## [Task item]
Leaving out the pictures, retype the lines from the beginning of the listing through the line containing "layer by layer".

## [Working data]
--------------------------------
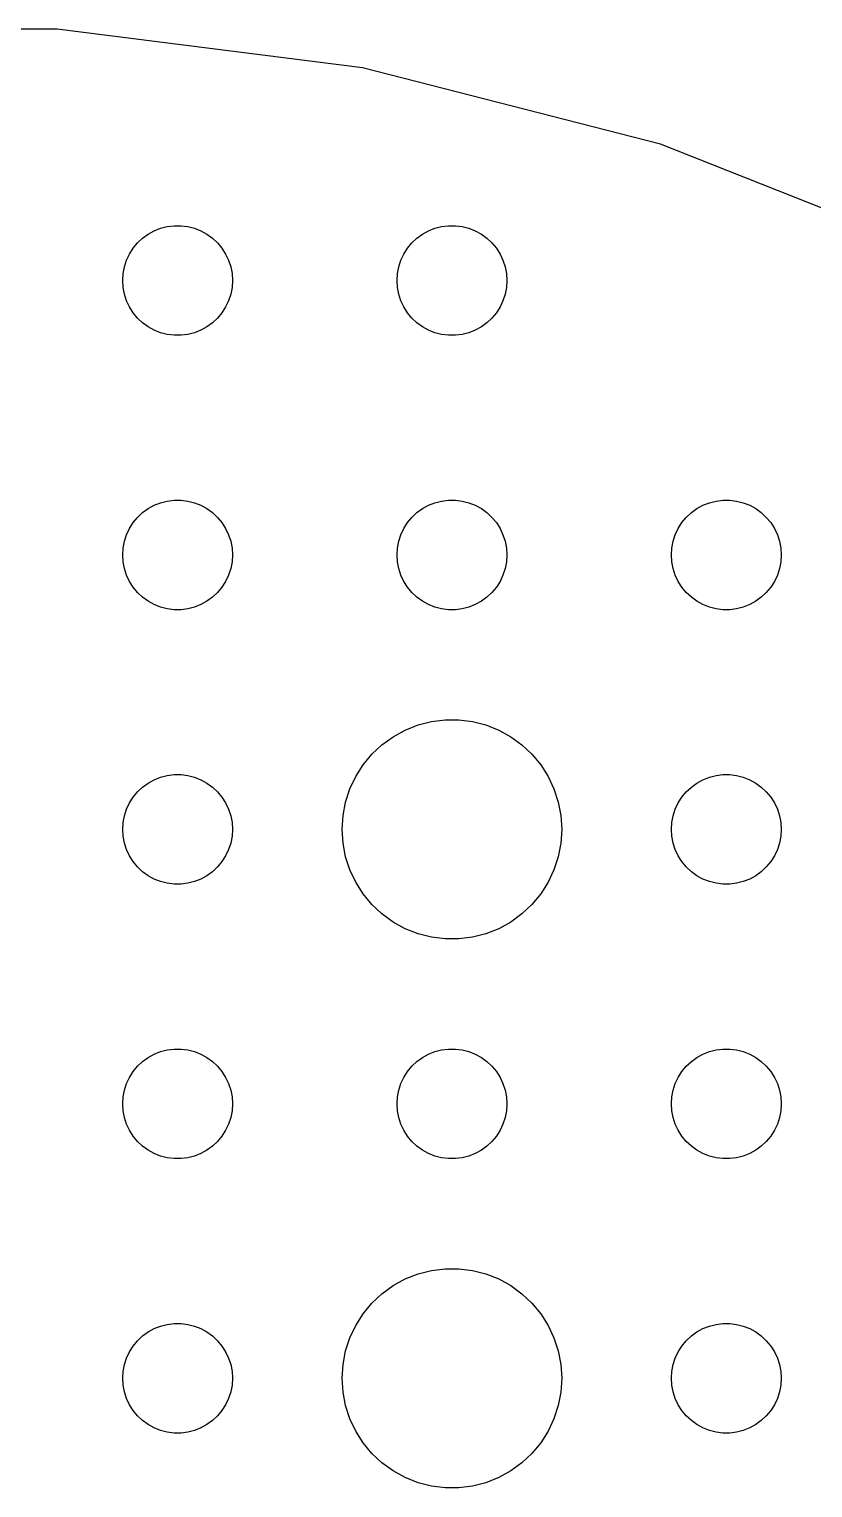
# Model space of a CAD drawing. Header units: metres. Extents: x -67 to 67, y -67 to 67.
# Drawn here: x 3.44 to 24.86, y 27.01 to 66.87 of the extents above; entities that cross this region are included whole.
import ezdxf

# ---------------------------------------------------------------- set-up
doc = ezdxf.new("R2010")
doc.units = ezdxf.units.M

msp = doc.modelspace()

# ---------------------------------------------------------------- linework, layer by layer
for p, q in [((4.20695, 66.8678), (-4.20695, 66.8678)), ((12.5545, 65.8132), (4.20695, 66.8678)), ((20.7041, 63.7208), (12.5545, 65.8132)), ((28.5272, 60.6234), (20.7041, 63.7208)), ((6.86133, 61.3572), (7.03647, 61.4266)), ((7.03647, 61.4266), (7.21892, 61.4734)), ((7.21892, 61.4734), (7.40581, 61.497)), ((7.40581, 61.497), (7.59418, 61.497)), ((7.59418, 61.497), (7.78107, 61.4734)), ((7.78107, 61.4734), (7.96352, 61.4266)), ((7.96352, 61.4266), (8.13866, 61.3572)), ((14.3613, 61.3572), (14.5365, 61.4266)), ((14.5365, 61.4266), (14.7189, 61.4734)), ((14.7189, 61.4734), (14.9058, 61.497)), ((14.9058, 61.497), (15.0942, 61.497)), ((15.0942, 61.497), (15.2811, 61.4734)), ((15.2811, 61.4734), (15.4635, 61.4266)), ((15.4635, 61.4266), (15.6387, 61.3572)), ((6.28647, 60.8817), (6.40654, 61.0268)), ((6.40654, 61.0268), (6.54385, 61.1558)), ((6.54385, 61.1558), (6.69626, 61.2665)), ((6.69626, 61.2665), (6.86133, 61.3572)), ((8.13866, 61.3572), (8.30373, 61.2665)), ((8.30373, 61.2665), (8.45613, 61.1558)), ((8.45613, 61.1558), (8.59344, 61.0268)), ((8.59344, 61.0268), (8.71352, 60.8817)), ((13.7865, 60.8817), (13.9065, 61.0268)), ((13.9065, 61.0268), (14.0439, 61.1558)), ((14.0439, 61.1558), (14.1963, 61.2665)), ((14.1963, 61.2665), (14.3613, 61.3572)), ((15.6387, 61.3572), (15.8037, 61.2665)), ((15.8037, 61.2665), (15.9561, 61.1558)), ((15.9561, 61.1558), (16.0934, 61.0268)), ((16.0934, 61.0268), (16.2135, 60.8817)), ((6.10533, 60.5522), (6.18553, 60.7226)), ((6.18553, 60.7226), (6.28647, 60.8817)), ((8.71352, 60.8817), (8.81445, 60.7226)), ((8.81445, 60.7226), (8.89465, 60.5522)), ((13.6053, 60.5522), (13.6855, 60.7226)), ((13.6855, 60.7226), (13.7865, 60.8817)), ((16.2135, 60.8817), (16.3145, 60.7226)), ((16.3145, 60.7226), (16.3947, 60.5522)), ((6.01183, 60.188), (6.04712, 60.373)), ((6.04712, 60.373), (6.10533, 60.5522)), ((8.89465, 60.5522), (8.95287, 60.373)), ((8.95287, 60.373), (8.98816, 60.188)), ((13.5118, 60.188), (13.5471, 60.373)), ((13.5471, 60.373), (13.6053, 60.5522)), ((16.3947, 60.5522), (16.4529, 60.373)), ((16.4529, 60.373), (16.4882, 60.188)), ((6, 60), (6.01183, 60.188)), ((6.01183, 59.812), (6, 60)), ((6.04712, 59.627), (6.01183, 59.812)), ((8.98816, 59.812), (8.95287, 59.627)), ((8.98816, 60.188), (9, 60)), ((9, 60), (8.98816, 59.812)), ((13.5, 60), (13.5118, 60.188)), ((13.5118, 59.812), (13.5, 60)), ((13.5471, 59.627), (13.5118, 59.812)), ((16.4882, 59.812), (16.4529, 59.627)), ((16.4882, 60.188), (16.5, 60)), ((16.5, 60), (16.4882, 59.812)), ((6.10533, 59.4478), (6.04712, 59.627)), ((6.18553, 59.2774), (6.10533, 59.4478)), ((8.89465, 59.4478), (8.81445, 59.2774)), ((8.95287, 59.627), (8.89465, 59.4478)), ((13.6053, 59.4478), (13.5471, 59.627)), ((13.6855, 59.2774), (13.6053, 59.4478)), ((16.3947, 59.4478), (16.3145, 59.2774)), ((16.4529, 59.627), (16.3947, 59.4478)), ((6.28647, 59.1183), (6.18553, 59.2774)), ((6.40654, 58.9732), (6.28647, 59.1183)), ((8.71352, 59.1183), (8.59344, 58.9732)), ((8.81445, 59.2774), (8.71352, 59.1183)), ((13.7865, 59.1183), (13.6855, 59.2774)), ((13.9065, 58.9732), (13.7865, 59.1183)), ((16.2135, 59.1183), (16.0934, 58.9732)), ((16.3145, 59.2774), (16.2135, 59.1183)), ((6.54385, 58.8442), (6.40654, 58.9732)), ((6.69626, 58.7335), (6.54385, 58.8442)), ((6.86133, 58.6428), (6.69626, 58.7335)), ((7.03647, 58.5734), (6.86133, 58.6428)), ((8.13866, 58.6428), (7.96352, 58.5734)), ((8.30373, 58.7335), (8.13866, 58.6428)), ((8.45613, 58.8442), (8.30373, 58.7335)), ((8.59344, 58.9732), (8.45613, 58.8442)), ((14.0439, 58.8442), (13.9065, 58.9732)), ((14.1963, 58.7335), (14.0439, 58.8442)), ((14.3613, 58.6428), (14.1963, 58.7335)), ((14.5365, 58.5734), (14.3613, 58.6428)), ((15.6387, 58.6428), (15.4635, 58.5734)), ((15.8037, 58.7335), (15.6387, 58.6428)), ((15.9561, 58.8442), (15.8037, 58.7335)), ((16.0934, 58.9732), (15.9561, 58.8442)), ((7.21892, 58.5266), (7.03647, 58.5734)), ((7.40581, 58.503), (7.21892, 58.5266)), ((7.59418, 58.503), (7.40581, 58.503)), ((7.78107, 58.5266), (7.59418, 58.503)), ((7.96352, 58.5734), (7.78107, 58.5266)), ((14.7189, 58.5266), (14.5365, 58.5734)), ((14.9058, 58.503), (14.7189, 58.5266)), ((15.0942, 58.503), (14.9058, 58.503)), ((15.2811, 58.5266), (15.0942, 58.503)), ((15.4635, 58.5734), (15.2811, 58.5266)), ((6.69626, 53.7665), (6.86133, 53.8572)), ((6.86133, 53.8572), (7.03647, 53.9266)), ((7.03647, 53.9266), (7.21892, 53.9734)), ((7.21892, 53.9734), (7.40581, 53.997)), ((7.40581, 53.997), (7.59418, 53.997)), ((7.59418, 53.997), (7.78107, 53.9734)), ((7.78107, 53.9734), (7.96352, 53.9266)), ((7.96352, 53.9266), (8.13866, 53.8572)), ((8.13866, 53.8572), (8.30373, 53.7665)), ((14.1963, 53.7665), (14.3613, 53.8572)), ((14.3613, 53.8572), (14.5365, 53.9266)), ((14.5365, 53.9266), (14.7189, 53.9734)), ((14.7189, 53.9734), (14.9058, 53.997)), ((14.9058, 53.997), (15.0942, 53.997)), ((15.0942, 53.997), (15.2811, 53.9734)), ((15.2811, 53.9734), (15.4635, 53.9266)), ((15.4635, 53.9266), (15.6387, 53.8572)), ((15.6387, 53.8572), (15.8037, 53.7665)), ((21.6963, 53.7665), (21.8613, 53.8572)), ((21.8613, 53.8572), (22.0365, 53.9266)), ((22.0365, 53.9266), (22.2189, 53.9734)), ((22.2189, 53.9734), (22.4058, 53.997)), ((22.4058, 53.997), (22.5942, 53.997)), ((22.5942, 53.997), (22.7811, 53.9734)), ((22.7811, 53.9734), (22.9635, 53.9266)), ((22.9635, 53.9266), (23.1387, 53.8572)), ((23.1387, 53.8572), (23.3037, 53.7665)), ((6.28647, 53.3817), (6.40654, 53.5268)), ((6.40654, 53.5268), (6.54385, 53.6558)), ((6.54385, 53.6558), (6.69626, 53.7665)), ((8.30373, 53.7665), (8.45613, 53.6558)), ((8.45613, 53.6558), (8.59344, 53.5268)), ((8.59344, 53.5268), (8.71352, 53.3817)), ((13.7865, 53.3817), (13.9065, 53.5268)), ((13.9065, 53.5268), (14.0439, 53.6558)), ((14.0439, 53.6558), (14.1963, 53.7665)), ((15.8037, 53.7665), (15.9561, 53.6558)), ((15.9561, 53.6558), (16.0934, 53.5268)), ((16.0934, 53.5268), (16.2135, 53.3817)), ((21.2865, 53.3817), (21.4065, 53.5268)), ((21.4065, 53.5268), (21.5439, 53.6558)), ((21.5439, 53.6558), (21.6963, 53.7665)), ((23.3037, 53.7665), (23.4561, 53.6558)), ((23.4561, 53.6558), (23.5934, 53.5268)), ((23.5934, 53.5268), (23.7135, 53.3817)), ((6.04712, 52.873), (6.10533, 53.0522)), ((6.10533, 53.0522), (6.18553, 53.2226)), ((6.18553, 53.2226), (6.28647, 53.3817)), ((8.71352, 53.3817), (8.81445, 53.2226)), ((8.81445, 53.2226), (8.89465, 53.0522)), ((8.89465, 53.0522), (8.95287, 52.873)), ((13.5471, 52.873), (13.6053, 53.0522)), ((13.6053, 53.0522), (13.6855, 53.2226)), ((13.6855, 53.2226), (13.7865, 53.3817)), ((16.2135, 53.3817), (16.3145, 53.2226)), ((16.3145, 53.2226), (16.3947, 53.0522)), ((16.3947, 53.0522), (16.4529, 52.873)), ((21.0471, 52.873), (21.1053, 53.0522)), ((21.1053, 53.0522), (21.1855, 53.2226)), ((21.1855, 53.2226), (21.2865, 53.3817)), ((23.7135, 53.3817), (23.8145, 53.2226)), ((23.8145, 53.2226), (23.8947, 53.0522)), ((23.8947, 53.0522), (23.9529, 52.873)), ((6, 52.5), (6.01183, 52.688)), ((6.01183, 52.688), (6.04712, 52.873)), ((8.95287, 52.873), (8.98816, 52.688)), ((8.98816, 52.688), (9, 52.5)), ((13.5, 52.5), (13.5118, 52.688)), ((13.5118, 52.688), (13.5471, 52.873)), ((16.4529, 52.873), (16.4882, 52.688)), ((16.4882, 52.688), (16.5, 52.5)), ((21, 52.5), (21.0118, 52.688)), ((21.0118, 52.688), (21.0471, 52.873)), ((23.9529, 52.873), (23.9882, 52.688)), ((23.9882, 52.688), (24, 52.5)), ((6.01183, 52.312), (6, 52.5)), ((6.04712, 52.127), (6.01183, 52.312)), ((8.98816, 52.312), (8.95287, 52.127)), ((9, 52.5), (8.98816, 52.312)), ((13.5118, 52.312), (13.5, 52.5)), ((13.5471, 52.127), (13.5118, 52.312)), ((16.4882, 52.312), (16.4529, 52.127)), ((16.5, 52.5), (16.4882, 52.312)), ((21.0118, 52.312), (21, 52.5)), ((21.0471, 52.127), (21.0118, 52.312)), ((23.9882, 52.312), (23.9529, 52.127)), ((24, 52.5), (23.9882, 52.312)), ((6.10533, 51.9478), (6.04712, 52.127)), ((6.18553, 51.7774), (6.10533, 51.9478)), ((8.89465, 51.9478), (8.81445, 51.7774)), ((8.95287, 52.127), (8.89465, 51.9478)), ((13.6053, 51.9478), (13.5471, 52.127)), ((13.6855, 51.7774), (13.6053, 51.9478)), ((16.3947, 51.9478), (16.3145, 51.7774)), ((16.4529, 52.127), (16.3947, 51.9478)), ((21.1053, 51.9478), (21.0471, 52.127)), ((21.1855, 51.7774), (21.1053, 51.9478)), ((23.8947, 51.9478), (23.8145, 51.7774)), ((23.9529, 52.127), (23.8947, 51.9478)), ((6.28647, 51.6183), (6.18553, 51.7774)), ((6.40654, 51.4732), (6.28647, 51.6183)), ((6.54385, 51.3442), (6.40654, 51.4732)), ((8.59344, 51.4732), (8.45613, 51.3442)), ((8.71352, 51.6183), (8.59344, 51.4732)), ((8.81445, 51.7774), (8.71352, 51.6183)), ((13.7865, 51.6183), (13.6855, 51.7774)), ((13.9065, 51.4732), (13.7865, 51.6183)), ((14.0439, 51.3442), (13.9065, 51.4732)), ((16.0934, 51.4732), (15.9561, 51.3442)), ((16.2135, 51.6183), (16.0934, 51.4732)), ((16.3145, 51.7774), (16.2135, 51.6183)), ((21.2865, 51.6183), (21.1855, 51.7774)), ((21.4065, 51.4732), (21.2865, 51.6183)), ((21.5439, 51.3442), (21.4065, 51.4732)), ((23.5934, 51.4732), (23.4561, 51.3442)), ((23.7135, 51.6183), (23.5934, 51.4732)), ((23.8145, 51.7774), (23.7135, 51.6183)), ((6.69626, 51.2335), (6.54385, 51.3442)), ((6.86133, 51.1428), (6.69626, 51.2335)), ((7.03647, 51.0734), (6.86133, 51.1428)), ((7.21892, 51.0266), (7.03647, 51.0734)), ((7.40581, 51.003), (7.21892, 51.0266)), ((7.78107, 51.0266), (7.59418, 51.003)), ((7.96352, 51.0734), (7.78107, 51.0266)), ((8.13866, 51.1428), (7.96352, 51.0734)), ((8.30373, 51.2335), (8.13866, 51.1428)), ((8.45613, 51.3442), (8.30373, 51.2335)), ((14.1963, 51.2335), (14.0439, 51.3442)), ((14.3613, 51.1428), (14.1963, 51.2335)), ((14.5365, 51.0734), (14.3613, 51.1428)), ((14.7189, 51.0266), (14.5365, 51.0734)), ((14.9058, 51.003), (14.7189, 51.0266)), ((15.2811, 51.0266), (15.0942, 51.003)), ((15.4635, 51.0734), (15.2811, 51.0266)), ((15.6387, 51.1428), (15.4635, 51.0734)), ((15.8037, 51.2335), (15.6387, 51.1428)), ((15.9561, 51.3442), (15.8037, 51.2335)), ((21.6963, 51.2335), (21.5439, 51.3442)), ((21.8613, 51.1428), (21.6963, 51.2335)), ((22.0365, 51.0734), (21.8613, 51.1428)), ((22.2189, 51.0266), (22.0365, 51.0734)), ((22.4058, 51.003), (22.2189, 51.0266)), ((22.7811, 51.0266), (22.5942, 51.003)), ((22.9635, 51.0734), (22.7811, 51.0266)), ((23.1387, 51.1428), (22.9635, 51.0734)), ((23.3037, 51.2335), (23.1387, 51.1428)), ((23.4561, 51.3442), (23.3037, 51.2335)), ((7.59418, 51.003), (7.40581, 51.003)), ((15.0942, 51.003), (14.9058, 51.003)), ((22.5942, 51.003), (22.4058, 51.003)), ((13.7227, 47.7145), (14.0729, 47.8532)), ((14.0729, 47.8532), (14.4379, 47.9469)), ((14.4379, 47.9469), (14.8116, 47.9941)), ((14.8116, 47.9941), (15.1884, 47.9941)), ((15.1884, 47.9941), (15.5621, 47.9469)), ((15.5621, 47.9469), (15.927, 47.8532)), ((15.927, 47.8532), (16.2773, 47.7145)), ((13.0877, 47.3115), (13.3925, 47.533)), ((13.3925, 47.533), (13.7227, 47.7145)), ((16.2773, 47.7145), (16.6075, 47.533)), ((16.6075, 47.533), (16.9123, 47.3115)), ((12.5729, 46.7634), (12.8131, 47.0536)), ((12.8131, 47.0536), (13.0877, 47.3115)), ((16.9123, 47.3115), (17.1869, 47.0536)), ((17.1869, 47.0536), (17.427, 46.7634)), ((12.3711, 46.4453), (12.5729, 46.7634)), ((17.427, 46.7634), (17.6289, 46.4453)), ((6.54385, 46.1558), (6.69626, 46.2665)), ((6.69626, 46.2665), (6.86133, 46.3572)), ((6.86133, 46.3572), (7.03647, 46.4266)), ((7.03647, 46.4266), (7.21892, 46.4734)), ((7.21892, 46.4734), (7.40581, 46.497)), ((7.40581, 46.497), (7.59418, 46.497)), ((7.59418, 46.497), (7.78107, 46.4734)), ((7.78107, 46.4734), (7.96352, 46.4266)), ((7.96352, 46.4266), (8.13866, 46.3572)), ((8.13866, 46.3572), (8.30373, 46.2665)), ((8.30373, 46.2665), (8.45613, 46.1558)), ((12.2107, 46.1044), (12.3711, 46.4453)), ((17.6289, 46.4453), (17.7893, 46.1044)), ((21.5439, 46.1558), (21.6963, 46.2665)), ((21.6963, 46.2665), (21.8613, 46.3572)), ((21.8613, 46.3572), (22.0365, 46.4266)), ((22.0365, 46.4266), (22.2189, 46.4734)), ((22.2189, 46.4734), (22.4058, 46.497)), ((22.4058, 46.497), (22.5942, 46.497)), ((22.5942, 46.497), (22.7811, 46.4734)), ((22.7811, 46.4734), (22.9635, 46.4266)), ((22.9635, 46.4266), (23.1387, 46.3572)), ((23.1387, 46.3572), (23.3037, 46.2665)), ((23.3037, 46.2665), (23.4561, 46.1558)), ((6.18553, 45.7226), (6.28647, 45.8817)), ((6.28647, 45.8817), (6.40654, 46.0268)), ((6.40654, 46.0268), (6.54385, 46.1558)), ((8.45613, 46.1558), (8.59344, 46.0268)), ((8.59344, 46.0268), (8.71352, 45.8817)), ((8.71352, 45.8817), (8.81445, 45.7226)), ((12.0942, 45.7461), (12.2107, 46.1044)), ((17.7893, 46.1044), (17.9057, 45.7461)), ((21.1855, 45.7226), (21.2865, 45.8817)), ((21.2865, 45.8817), (21.4065, 46.0268)), ((21.4065, 46.0268), (21.5439, 46.1558)), ((23.4561, 46.1558), (23.5934, 46.0268)), ((23.5934, 46.0268), (23.7135, 45.8817)), ((23.7135, 45.8817), (23.8145, 45.7226)), ((6.04712, 45.373), (6.10533, 45.5522)), ((6.10533, 45.5522), (6.18553, 45.7226)), ((8.81445, 45.7226), (8.89465, 45.5522)), ((8.89465, 45.5522), (8.95287, 45.373)), ((12.0237, 45.376), (12.0942, 45.7461)), ((17.9057, 45.7461), (17.9763, 45.376)), ((21.0471, 45.373), (21.1053, 45.5522)), ((21.1053, 45.5522), (21.1855, 45.7226)), ((23.8145, 45.7226), (23.8947, 45.5522)), ((23.8947, 45.5522), (23.9529, 45.373)), ((6, 45), (6.01183, 45.188)), ((6.01183, 45.188), (6.04712, 45.373)), ((8.95287, 45.373), (8.98816, 45.188)), ((8.98816, 45.188), (9, 45)), ((12, 45), (12.0237, 45.376)), ((17.9763, 45.376), (18, 45)), ((21, 45), (21.0118, 45.188)), ((21.0118, 45.188), (21.0471, 45.373)), ((23.9529, 45.373), (23.9882, 45.188)), ((23.9882, 45.188), (24, 45)), ((6.01183, 44.812), (6, 45)), ((6.04712, 44.627), (6.01183, 44.812)), ((8.98816, 44.812), (8.95287, 44.627)), ((9, 45), (8.98816, 44.812)), ((12.0237, 44.624), (12, 45)), ((18, 45), (17.9763, 44.624)), ((21.0118, 44.812), (21, 45)), ((21.0471, 44.627), (21.0118, 44.812)), ((23.9882, 44.812), (23.9529, 44.627)), ((24, 45), (23.9882, 44.812)), ((6.10533, 44.4478), (6.04712, 44.627)), ((6.18553, 44.2774), (6.10533, 44.4478)), ((6.28647, 44.1183), (6.18553, 44.2774)), ((8.81445, 44.2774), (8.71352, 44.1183)), ((8.89465, 44.4478), (8.81445, 44.2774)), ((8.95287, 44.627), (8.89465, 44.4478)), ((12.0942, 44.2539), (12.0237, 44.624)), ((12.2107, 43.8956), (12.0942, 44.2539)), ((17.9057, 44.2539), (17.7893, 43.8956)), ((17.9763, 44.624), (17.9057, 44.2539)), ((21.1053, 44.4478), (21.0471, 44.627)), ((21.1855, 44.2774), (21.1053, 44.4478)), ((21.2865, 44.1183), (21.1855, 44.2774)), ((23.8145, 44.2774), (23.7135, 44.1183)), ((23.8947, 44.4478), (23.8145, 44.2774)), ((23.9529, 44.627), (23.8947, 44.4478)), ((6.40654, 43.9732), (6.28647, 44.1183)), ((6.54385, 43.8442), (6.40654, 43.9732)), ((8.59344, 43.9732), (8.45613, 43.8442)), ((8.71352, 44.1183), (8.59344, 43.9732)), ((12.3711, 43.5547), (12.2107, 43.8956)), ((17.7893, 43.8956), (17.6289, 43.5547)), ((21.4065, 43.9732), (21.2865, 44.1183)), ((21.5439, 43.8442), (21.4065, 43.9732)), ((23.5934, 43.9732), (23.4561, 43.8442)), ((23.7135, 44.1183), (23.5934, 43.9732)), ((6.69626, 43.7335), (6.54385, 43.8442)), ((6.86133, 43.6428), (6.69626, 43.7335)), ((7.03647, 43.5734), (6.86133, 43.6428)), ((7.21892, 43.5266), (7.03647, 43.5734)), ((7.40581, 43.503), (7.21892, 43.5266)), ((7.59418, 43.503), (7.40581, 43.503)), ((7.78107, 43.5266), (7.59418, 43.503)), ((7.96352, 43.5734), (7.78107, 43.5266)), ((8.13866, 43.6428), (7.96352, 43.5734)), ((8.30373, 43.7335), (8.13866, 43.6428)), ((8.45613, 43.8442), (8.30373, 43.7335)), ((12.5729, 43.2366), (12.3711, 43.5547)), ((17.6289, 43.5547), (17.427, 43.2366)), ((21.6963, 43.7335), (21.5439, 43.8442)), ((21.8613, 43.6428), (21.6963, 43.7335)), ((22.0365, 43.5734), (21.8613, 43.6428)), ((22.2189, 43.5266), (22.0365, 43.5734)), ((22.4058, 43.503), (22.2189, 43.5266)), ((22.5942, 43.503), (22.4058, 43.503)), ((22.7811, 43.5266), (22.5942, 43.503)), ((22.9635, 43.5734), (22.7811, 43.5266)), ((23.1387, 43.6428), (22.9635, 43.5734)), ((23.3037, 43.7335), (23.1387, 43.6428)), ((23.4561, 43.8442), (23.3037, 43.7335)), ((12.8131, 42.9464), (12.5729, 43.2366)), ((17.427, 43.2366), (17.1869, 42.9464)), ((13.0877, 42.6885), (12.8131, 42.9464)), ((13.3925, 42.467), (13.0877, 42.6885)), ((16.9123, 42.6885), (16.6075, 42.467)), ((17.1869, 42.9464), (16.9123, 42.6885)), ((13.7227, 42.2855), (13.3925, 42.467)), ((14.0729, 42.1468), (13.7227, 42.2855)), ((16.2773, 42.2855), (15.927, 42.1468)), ((16.6075, 42.467), (16.2773, 42.2855)), ((14.4379, 42.0531), (14.0729, 42.1468)), ((14.8116, 42.0059), (14.4379, 42.0531)), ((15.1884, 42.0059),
--------------------------------
## [Your solution]
# Model space of a CAD drawing. Header units: metres. Extents: x -67 to 67, y -67 to 67.
# Drawn here: x 3.44 to 24.86, y 27.01 to 66.87 of the extents above; entities that cross this region are included whole.
import ezdxf

# ---------------------------------------------------------------- set-up
doc = ezdxf.new("R2010")
doc.units = ezdxf.units.M

msp = doc.modelspace()

# ---------------------------------------------------------------- linework, layer by layer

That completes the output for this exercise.